WHAT TO PRODUCE:
Reproduce every record below exactly, without the pictures.

Recorded data
● ● ● ● ●
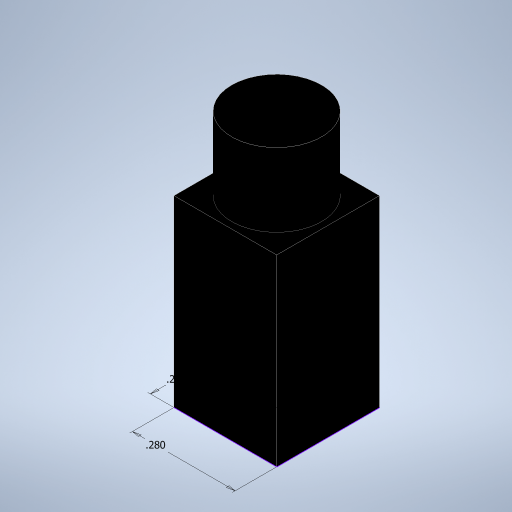
# Autodesk Inventor part: button
Saved by Autodesk Inventor 2023 (Build 270158000, 158)
## iProperties
Created: 2022-11-17
Part Number: button
Material: Generic
Document SubType Name: Modeling
Designer: spfow
Density: 1 g/cm^3
Appearance: Black
Author: spfow
Autodesk Inventor part; units mm, degrees
ref_plane "YZ Plane" through (0, 0, 0) normal (1, 0, 0) x (0, 1, 0)
ref_plane "XZ Plane" through (0, 0, 0) normal (0, 1, 0) x (-1, 0, 0)
ref_plane "XY Plane" through (0, 0, 0) normal (0, 0, 1) x (1, 0, 0)
sketch "Sketch1" plane through (0, 0, 0) normal (0, 1, 0) x (-1, 0, 0)
  circle A0 centre (0, 0) radius 3.1115
  line L0 (3.556, 0) -> (3.556, -3.556)
  line L1 (3.556, -3.556) -> (0, -3.556)
  line L2 (3.556, -3.556) -> (-3.556, -3.556)
  line L3 (-3.556, -3.556) -> (-3.556, 3.556)
  line L4 (-3.556, 3.556) -> (3.556, 3.556)
  line L5 (3.556, 3.556) -> (3.556, -3.556)
  dimension "d0" = 6.223
  dimension "d1" = 3.556
  dimension "d2" = 3.556
  dimension "d3" = 7.112
  dimension "d4" = 7.112
  constraints: 12 end point, 2 parallel, 1 centre point, 1 coincident, 1 horizontal, 1 perpendicular
  measures "d0" diameter of A0
  measures "d1" distance of L0.start L0.end
  measures "d2" distance of L0.end L1.end
  measures "d3" distance of L3.end L4.end
  measures "d4" distance of L4.end L0.end
extrude "Extrusion1" add sketch "Sketch1" along normal blind 17.78 contours A0
extrude "Extrusion2" add sketch "Sketch1" along normal blind 12.7
body "Solid1"
● ● ● ● ●
RESPONSE BELOW:
# Autodesk Inventor part: button
Saved by Autodesk Inventor 2023 (Build 270158000, 158)
## iProperties
Created: 2022-11-17
Part Number: button
Material: Generic
Document SubType Name: Modeling
Designer: spfow
Density: 1 g/cm^3
Appearance: Black
Author: spfow
Autodesk Inventor part; units mm, degrees
ref_plane "YZ Plane" through (0, 0, 0) normal (1, 0, 0) x (0, 1, 0)
ref_plane "XZ Plane" through (0, 0, 0) normal (0, 1, 0) x (-1, 0, 0)
ref_plane "XY Plane" through (0, 0, 0) normal (0, 0, 1) x (1, 0, 0)
sketch "Sketch1" plane through (0, 0, 0) normal (0, 1, 0) x (-1, 0, 0)
  circle A0 centre (0, 0) radius 3.1115
  line L0 (3.556, 0) -> (3.556, -3.556)
  line L1 (3.556, -3.556) -> (0, -3.556)
  line L2 (3.556, -3.556) -> (-3.556, -3.556)
  line L3 (-3.556, -3.556) -> (-3.556, 3.556)
  line L4 (-3.556, 3.556) -> (3.556, 3.556)
  line L5 (3.556, 3.556) -> (3.556, -3.556)
  dimension "d0" = 6.223
  dimension "d1" = 3.556
  dimension "d2" = 3.556
  dimension "d3" = 7.112
  dimension "d4" = 7.112
  constraints: 12 end point, 2 parallel, 1 centre point, 1 coincident, 1 horizontal, 1 perpendicular
  measures "d0" diameter of A0
  measures "d1" distance of L0.start L0.end
  measures "d2" distance of L0.end L1.end
  measures "d3" distance of L3.end L4.end
  measures "d4" distance of L4.end L0.end
extrude "Extrusion1" add sketch "Sketch1" along normal blind 17.78 contours A0
extrude "Extrusion2" add sketch "Sketch1" along normal blind 12.7
body "Solid1"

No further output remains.